◆ **Study material**
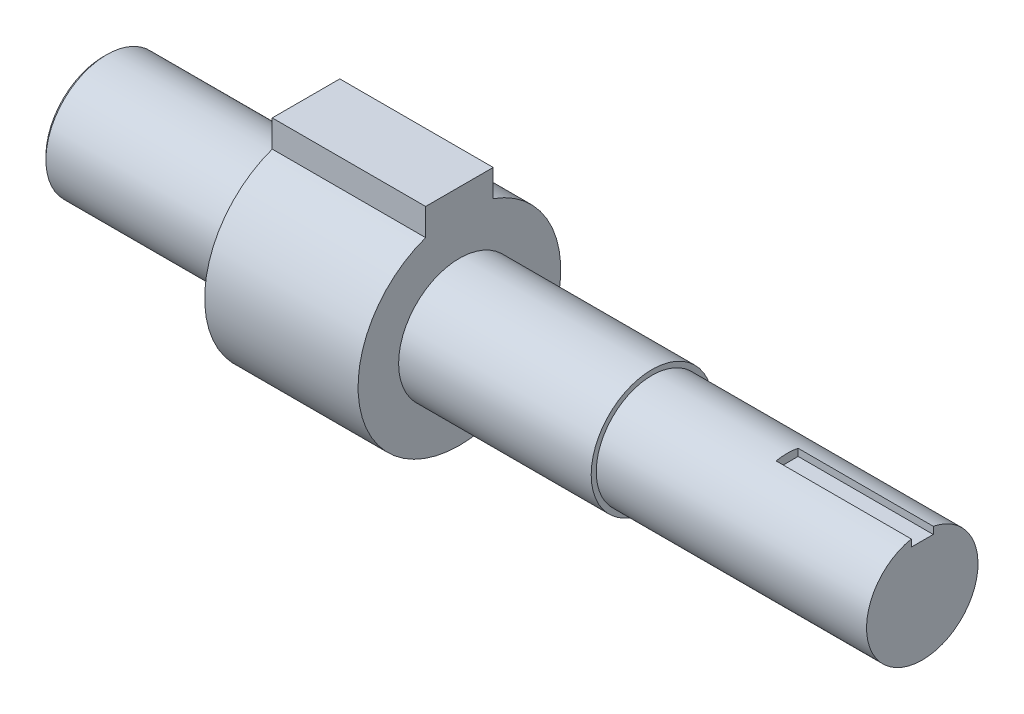
ISO-10303-21;
HEADER;
FILE_DESCRIPTION(('STEP AP214'),'2;1');
FILE_NAME('part.step','',(''),(''),'','','');
FILE_SCHEMA(('AUTOMOTIVE_DESIGN { 1 0 10303 214 1 1 1 1 }'));
ENDSEC;
DATA;
#1=APPLICATION_CONTEXT('core data for automotive mechanical design processes');
#2=APPLICATION_PROTOCOL_DEFINITION('international standard','automotive_design',2000,#1);
#3=PRODUCT_CONTEXT('',#1,'mechanical');
#4=PRODUCT('Part','Part','',(#3));
#5=PRODUCT_RELATED_PRODUCT_CATEGORY('part','',(#4));
#6=PRODUCT_DEFINITION_FORMATION('','',#4);
#7=PRODUCT_DEFINITION_CONTEXT('part definition',#1,'design');
#8=PRODUCT_DEFINITION('design','',#6,#7);
#9=PRODUCT_DEFINITION_SHAPE('','',#8);
#10=(LENGTH_UNIT() NAMED_UNIT(*) SI_UNIT(.MILLI.,.METRE.));
#11=(NAMED_UNIT(*) PLANE_ANGLE_UNIT() SI_UNIT($,.RADIAN.));
#12=(NAMED_UNIT(*) SI_UNIT($,.STERADIAN.) SOLID_ANGLE_UNIT());
#13=UNCERTAINTY_MEASURE_WITH_UNIT(LENGTH_MEASURE(1.E-05),#10,'distance_accuracy_value','');
#14=(GEOMETRIC_REPRESENTATION_CONTEXT(3) GLOBAL_UNCERTAINTY_ASSIGNED_CONTEXT((#13)) GLOBAL_UNIT_ASSIGNED_CONTEXT((#10,
#11,#12)) REPRESENTATION_CONTEXT('',''));
#15=CARTESIAN_POINT('',(0.,0.,0.));
#16=DIRECTION('',(0.,0.,1.));
#17=DIRECTION('',(1.,0.,0.));
#18=AXIS2_PLACEMENT_3D('',#15,#16,#17);
#19=CARTESIAN_POINT('',(0.,0.,0.));
#20=DIRECTION('',(1.,0.,0.));
#21=DIRECTION('',(0.,0.,-1.));
#22=AXIS2_PLACEMENT_3D('',#19,#20,#21);
#23=PLANE('',#22);
#24=CARTESIAN_POINT('',(0.,0.,0.));
#25=DIRECTION('',(1.,0.,0.));
#26=DIRECTION('',(0.,0.,-1.));
#27=AXIS2_PLACEMENT_3D('',#24,#25,#26);
#28=CIRCLE('',#27,8.49999999999998);
#29=CARTESIAN_POINT('',(0.,0.,-8.49999999999998));
#30=VERTEX_POINT('',#29);
#31=EDGE_CURVE('E42',#30,#30,#28,.F.);
#32=ORIENTED_EDGE('',*,*,#31,.T.);
#33=EDGE_LOOP('',(#32));
#34=FACE_BOUND('',#33,.T.);
#35=ADVANCED_FACE('F34',(#34),#23,.F.);
#36=CARTESIAN_POINT('',(0.,0.,0.));
#37=DIRECTION('',(-1.,0.,0.));
#38=DIRECTION('',(0.,0.,1.));
#39=AXIS2_PLACEMENT_3D('',#36,#37,#38);
#40=CYLINDRICAL_SURFACE('',#39,9.);
#41=CARTESIAN_POINT('',(0.500000000000023,0.,0.));
#42=DIRECTION('',(1.,0.,0.));
#43=DIRECTION('',(0.,0.,-1.));
#44=AXIS2_PLACEMENT_3D('',#41,#42,#43);
#45=CIRCLE('',#44,9.);
#46=CARTESIAN_POINT('',(0.500000000000023,0.,-9.));
#47=VERTEX_POINT('',#46);
#48=EDGE_CURVE('E11',#47,#47,#45,.T.);
#49=ORIENTED_EDGE('',*,*,#48,.T.);
#50=EDGE_LOOP('',(#49));
#51=FACE_BOUND('',#50,.T.);
#52=CARTESIAN_POINT('',(30.,0.,0.));
#53=DIRECTION('',(1.,0.,0.));
#54=DIRECTION('',(0.,0.,-1.));
#55=AXIS2_PLACEMENT_3D('',#52,#53,#54);
#56=CIRCLE('',#55,9.);
#57=CARTESIAN_POINT('',(30.,0.,-9.));
#58=VERTEX_POINT('',#57);
#59=EDGE_CURVE('E177',#58,#58,#56,.T.);
#60=ORIENTED_EDGE('',*,*,#59,.F.);
#61=EDGE_LOOP('',(#60));
#62=FACE_BOUND('',#61,.T.);
#63=ADVANCED_FACE('F193',(#51,#62),#40,.T.);
#64=CARTESIAN_POINT('',(52.7,0.,0.));
#65=DIRECTION('',(-1.,0.,0.));
#66=DIRECTION('',(0.,0.,1.));
#67=AXIS2_PLACEMENT_3D('',#64,#65,#66);
#68=CYLINDRICAL_SURFACE('',#67,15.);
#69=CARTESIAN_POINT('',(30.,0.,0.));
#70=DIRECTION('',(1.,0.,0.));
#71=DIRECTION('',(0.,0.,-1.));
#72=AXIS2_PLACEMENT_3D('',#69,#70,#71);
#73=CIRCLE('',#72,15.);
#74=CARTESIAN_POINT('',(30.,14.1421356237309,5.));
#75=VERTEX_POINT('',#74);
#76=CARTESIAN_POINT('',(30.,14.142135623731,-5.));
#77=VERTEX_POINT('',#76);
#78=EDGE_CURVE('E152',#75,#77,#73,.T.);
#79=ORIENTED_EDGE('',*,*,#78,.T.);
#80=DIRECTION('',(-1.,0.,0.));
#81=VECTOR('',#80,1.);
#82=CARTESIAN_POINT('',(52.7,14.142135623731,-5.));
#83=LINE('',#82,#81);
#84=CARTESIAN_POINT('',(52.7,14.142135623731,-5.));
#85=VERTEX_POINT('',#84);
#86=EDGE_CURVE('E175',#85,#77,#83,.T.);
#87=ORIENTED_EDGE('',*,*,#86,.F.);
#88=CARTESIAN_POINT('',(52.7,0.,0.));
#89=DIRECTION('',(1.,0.,0.));
#90=DIRECTION('',(0.,0.,-1.));
#91=AXIS2_PLACEMENT_3D('',#88,#89,#90);
#92=CIRCLE('',#91,15.);
#93=CARTESIAN_POINT('',(52.7,14.1421356237309,5.));
#94=VERTEX_POINT('',#93);
#95=EDGE_CURVE('E155',#94,#85,#92,.T.);
#96=ORIENTED_EDGE('',*,*,#95,.F.);
#97=DIRECTION('',(-1.,0.,0.));
#98=VECTOR('',#97,1.);
#99=CARTESIAN_POINT('',(52.7,14.1421356237309,5.));
#100=LINE('',#99,#98);
#101=EDGE_CURVE('E161',#94,#75,#100,.T.);
#102=ORIENTED_EDGE('',*,*,#101,.T.);
#103=EDGE_LOOP('',(#79,#87,#96,#102));
#104=FACE_BOUND('',#103,.T.);
#105=ADVANCED_FACE('F197',(#104),#68,.T.);
#106=CARTESIAN_POINT('',(52.7,18.142135623731,-5.));
#107=DIRECTION('',(0.,0.,1.));
#108=DIRECTION('',(0.,-1.,0.));
#109=AXIS2_PLACEMENT_3D('',#106,#107,#108);
#110=PLANE('',#109);
#111=DIRECTION('',(0.,1.,0.));
#112=VECTOR('',#111,1.);
#113=CARTESIAN_POINT('',(30.,18.142135623731,-5.));
#114=LINE('',#113,#112);
#115=CARTESIAN_POINT('',(30.,18.142135623731,-5.));
#116=VERTEX_POINT('',#115);
#117=EDGE_CURVE('E164',#77,#116,#114,.T.);
#118=ORIENTED_EDGE('',*,*,#117,.T.);
#119=DIRECTION('',(-1.,0.,0.));
#120=VECTOR('',#119,1.);
#121=CARTESIAN_POINT('',(52.7,18.142135623731,-5.));
#122=LINE('',#121,#120);
#123=CARTESIAN_POINT('',(52.7,18.142135623731,-5.));
#124=VERTEX_POINT('',#123);
#125=EDGE_CURVE('E172',#124,#116,#122,.T.);
#126=ORIENTED_EDGE('',*,*,#125,.F.);
#127=DIRECTION('',(0.,1.,0.));
#128=VECTOR('',#127,1.);
#129=CARTESIAN_POINT('',(52.7,18.142135623731,-5.));
#130=LINE('',#129,#128);
#131=EDGE_CURVE('E87',#85,#124,#130,.T.);
#132=ORIENTED_EDGE('',*,*,#131,.F.);
#133=ORIENTED_EDGE('',*,*,#86,.T.);
#134=EDGE_LOOP('',(#118,#126,#132,#133));
#135=FACE_BOUND('',#134,.T.);
#136=ADVANCED_FACE('F203',(#135),#110,.F.);
#137=CARTESIAN_POINT('',(52.7,18.142135623731,-5.));
#138=DIRECTION('',(0.,-1.,0.));
#139=DIRECTION('',(0.,0.,-1.));
#140=AXIS2_PLACEMENT_3D('',#137,#138,#139);
#141=PLANE('',#140);
#142=DIRECTION('',(0.,0.,1.));
#143=VECTOR('',#142,1.);
#144=CARTESIAN_POINT('',(30.,18.142135623731,-5.));
#145=LINE('',#144,#143);
#146=CARTESIAN_POINT('',(30.,18.142135623731,5.));
#147=VERTEX_POINT('',#146);
#148=EDGE_CURVE('E166',#116,#147,#145,.T.);
#149=ORIENTED_EDGE('',*,*,#148,.T.);
#150=DIRECTION('',(-1.,0.,0.));
#151=VECTOR('',#150,1.);
#152=CARTESIAN_POINT('',(52.7,18.142135623731,5.));
#153=LINE('',#152,#151);
#154=CARTESIAN_POINT('',(52.7,18.142135623731,5.));
#155=VERTEX_POINT('',#154);
#156=EDGE_CURVE('E170',#155,#147,#153,.T.);
#157=ORIENTED_EDGE('',*,*,#156,.F.);
#158=DIRECTION('',(0.,0.,1.));
#159=VECTOR('',#158,1.);
#160=CARTESIAN_POINT('',(52.7,18.142135623731,-5.));
#161=LINE('',#160,#159);
#162=EDGE_CURVE('E158',#124,#155,#161,.T.);
#163=ORIENTED_EDGE('',*,*,#162,.F.);
#164=ORIENTED_EDGE('',*,*,#125,.T.);
#165=EDGE_LOOP('',(#149,#157,#163,#164));
#166=FACE_BOUND('',#165,.T.);
#167=ADVANCED_FACE('F207',(#166),#141,.F.);
#168=CARTESIAN_POINT('',(52.7,18.142135623731,5.));
#169=DIRECTION('',(0.,0.,-1.));
#170=DIRECTION('',(0.,1.,0.));
#171=AXIS2_PLACEMENT_3D('',#168,#169,#170);
#172=PLANE('',#171);
#173=DIRECTION('',(0.,-1.,0.));
#174=VECTOR('',#173,1.);
#175=CARTESIAN_POINT('',(30.,18.142135623731,5.));
#176=LINE('',#175,#174);
#177=EDGE_CURVE('E79',#147,#75,#176,.T.);
#178=ORIENTED_EDGE('',*,*,#177,.T.);
#179=ORIENTED_EDGE('',*,*,#101,.F.);
#180=DIRECTION('',(0.,-1.,0.));
#181=VECTOR('',#180,1.);
#182=CARTESIAN_POINT('',(52.7,18.142135623731,5.));
#183=LINE('',#182,#181);
#184=EDGE_CURVE('E58',#155,#94,#183,.T.);
#185=ORIENTED_EDGE('',*,*,#184,.F.);
#186=ORIENTED_EDGE('',*,*,#156,.T.);
#187=EDGE_LOOP('',(#178,#179,#185,#186));
#188=FACE_BOUND('',#187,.T.);
#189=ADVANCED_FACE('F210',(#188),#172,.F.);
#190=CARTESIAN_POINT('',(52.7,0.,0.));
#191=DIRECTION('',(1.,0.,0.));
#192=DIRECTION('',(0.,0.,-1.));
#193=AXIS2_PLACEMENT_3D('',#190,#191,#192);
#194=PLANE('',#193);
#195=CARTESIAN_POINT('',(52.7,0.,0.));
#196=DIRECTION('',(1.,0.,0.));
#197=DIRECTION('',(0.,0.,-1.));
#198=AXIS2_PLACEMENT_3D('',#195,#196,#197);
#199=CIRCLE('',#198,9.);
#200=CARTESIAN_POINT('',(52.7,0.,9.));
#201=VERTEX_POINT('',#200);
#202=EDGE_CURVE('E146',#201,#201,#199,.T.);
#203=ORIENTED_EDGE('',*,*,#202,.F.);
#204=EDGE_LOOP('',(#203));
#205=FACE_BOUND('',#204,.T.);
#206=ORIENTED_EDGE('',*,*,#95,.T.);
#207=ORIENTED_EDGE('',*,*,#131,.T.);
#208=ORIENTED_EDGE('',*,*,#162,.T.);
#209=ORIENTED_EDGE('',*,*,#184,.T.);
#210=EDGE_LOOP('',(#206,#207,#208,#209));
#211=FACE_BOUND('',#210,.T.);
#212=ADVANCED_FACE('F214',(#205,#211),#194,.T.);
#213=CARTESIAN_POINT('',(30.,0.,0.));
#214=DIRECTION('',(1.,0.,0.));
#215=DIRECTION('',(0.,0.,-1.));
#216=AXIS2_PLACEMENT_3D('',#213,#214,#215);
#217=PLANE('',#216);
#218=ORIENTED_EDGE('',*,*,#59,.T.);
#219=EDGE_LOOP('',(#218));
#220=FACE_BOUND('',#219,.T.);
#221=ORIENTED_EDGE('',*,*,#78,.F.);
#222=ORIENTED_EDGE('',*,*,#177,.F.);
#223=ORIENTED_EDGE('',*,*,#148,.F.);
#224=ORIENTED_EDGE('',*,*,#117,.F.);
#225=EDGE_LOOP('',(#221,#222,#223,#224));
#226=FACE_BOUND('',#225,.T.);
#227=ADVANCED_FACE('F215',(#220,#226),#217,.F.);
#228=CARTESIAN_POINT('',(81.2,0.,0.));
#229=DIRECTION('',(-1.,0.,0.));
#230=DIRECTION('',(0.,0.,1.));
#231=AXIS2_PLACEMENT_3D('',#228,#229,#230);
#232=CYLINDRICAL_SURFACE('',#231,9.);
#233=CARTESIAN_POINT('',(81.2,0.,0.));
#234=DIRECTION('',(1.,0.,0.));
#235=DIRECTION('',(0.,0.,-1.));
#236=AXIS2_PLACEMENT_3D('',#233,#234,#235);
#237=CIRCLE('',#236,9.);
#238=CARTESIAN_POINT('',(81.2,0.,9.));
#239=VERTEX_POINT('',#238);
#240=EDGE_CURVE('E149',#239,#239,#237,.T.);
#241=CARTESIAN_POINT('',(81.2,0.,9.));
#242=CARTESIAN_POINT('',(80.903125,0.,9.));
#243=CARTESIAN_POINT('',(80.60625,0.,9.));
#244=CARTESIAN_POINT('',(80.0125,0.,9.));
#245=CARTESIAN_POINT('',(79.715625,0.,9.));
#246=CARTESIAN_POINT('',(79.121875,0.,9.));
#247=CARTESIAN_POINT('',(78.825,0.,9.));
#248=CARTESIAN_POINT('',(78.23125,0.,9.));
#249=CARTESIAN_POINT('',(77.934375,0.,9.));
#250=CARTESIAN_POINT('',(77.340625,0.,9.));
#251=CARTESIAN_POINT('',(77.04375,0.,9.));
#252=CARTESIAN_POINT('',(76.45,0.,9.));
#253=CARTESIAN_POINT('',(76.153125,0.,9.));
#254=CARTESIAN_POINT('',(75.559375,0.,9.));
#255=CARTESIAN_POINT('',(75.2625,0.,9.));
#256=CARTESIAN_POINT('',(74.66875,0.,9.));
#257=CARTESIAN_POINT('',(74.371875,0.,9.));
#258=CARTESIAN_POINT('',(73.778125,0.,9.));
#259=CARTESIAN_POINT('',(73.48125,0.,9.));
#260=CARTESIAN_POINT('',(72.8875,0.,9.));
#261=CARTESIAN_POINT('',(72.590625,0.,9.));
#262=CARTESIAN_POINT('',(71.996875,0.,9.));
#263=CARTESIAN_POINT('',(71.7,0.,9.));
#264=CARTESIAN_POINT('',(71.10625,0.,9.));
#265=CARTESIAN_POINT('',(70.809375,0.,9.));
#266=CARTESIAN_POINT('',(70.215625,0.,9.));
#267=CARTESIAN_POINT('',(69.91875,0.,9.));
#268=CARTESIAN_POINT('',(69.325,0.,9.));
#269=CARTESIAN_POINT('',(69.028125,0.,9.));
#270=CARTESIAN_POINT('',(68.434375,0.,9.));
#271=CARTESIAN_POINT('',(68.1375,0.,9.));
#272=CARTESIAN_POINT('',(67.54375,0.,9.));
#273=CARTESIAN_POINT('',(67.246875,0.,9.));
#274=CARTESIAN_POINT('',(66.653125,0.,9.));
#275=CARTESIAN_POINT('',(66.35625,0.,9.));
#276=CARTESIAN_POINT('',(65.7625,0.,9.));
#277=CARTESIAN_POINT('',(65.465625,0.,9.));
#278=CARTESIAN_POINT('',(64.871875,0.,9.));
#279=CARTESIAN_POINT('',(64.575,0.,9.));
#280=CARTESIAN_POINT('',(63.98125,0.,9.));
#281=CARTESIAN_POINT('',(63.684375,0.,9.));
#282=CARTESIAN_POINT('',(63.090625,0.,9.));
#283=CARTESIAN_POINT('',(62.79375,0.,9.));
#284=CARTESIAN_POINT('',(62.2,0.,9.));
#285=CARTESIAN_POINT('',(61.903125,0.,9.));
#286=CARTESIAN_POINT('',(61.309375,0.,9.));
#287=CARTESIAN_POINT('',(61.0125,0.,9.));
#288=CARTESIAN_POINT('',(60.41875,0.,9.));
#289=CARTESIAN_POINT('',(60.121875,0.,9.));
#290=CARTESIAN_POINT('',(59.528125,0.,9.));
#291=CARTESIAN_POINT('',(59.23125,0.,9.));
#292=CARTESIAN_POINT('',(58.6375,0.,9.));
#293=CARTESIAN_POINT('',(58.340625,0.,9.));
#294=CARTESIAN_POINT('',(57.746875,0.,9.));
#295=CARTESIAN_POINT('',(57.45,0.,9.));
#296=CARTESIAN_POINT('',(56.85625,0.,9.));
#297=CARTESIAN_POINT('',(56.559375,0.,9.));
#298=CARTESIAN_POINT('',(55.965625,0.,9.));
#299=CARTESIAN_POINT('',(55.66875,0.,9.));
#300=CARTESIAN_POINT('',(55.075,0.,9.));
#301=CARTESIAN_POINT('',(54.778125,0.,9.));
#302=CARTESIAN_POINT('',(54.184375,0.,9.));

◆ **Task description**
Please return a copy of each line in the entries that has the string "VECTOR".

◆ **Exercise solution**
#81=VECTOR('',#80,1.);
#98=VECTOR('',#97,1.);
#112=VECTOR('',#111,1.);
#120=VECTOR('',#119,1.);
#128=VECTOR('',#127,1.);
#143=VECTOR('',#142,1.);
#151=VECTOR('',#150,1.);
#159=VECTOR('',#158,1.);
#174=VECTOR('',#173,1.);
#181=VECTOR('',#180,1.);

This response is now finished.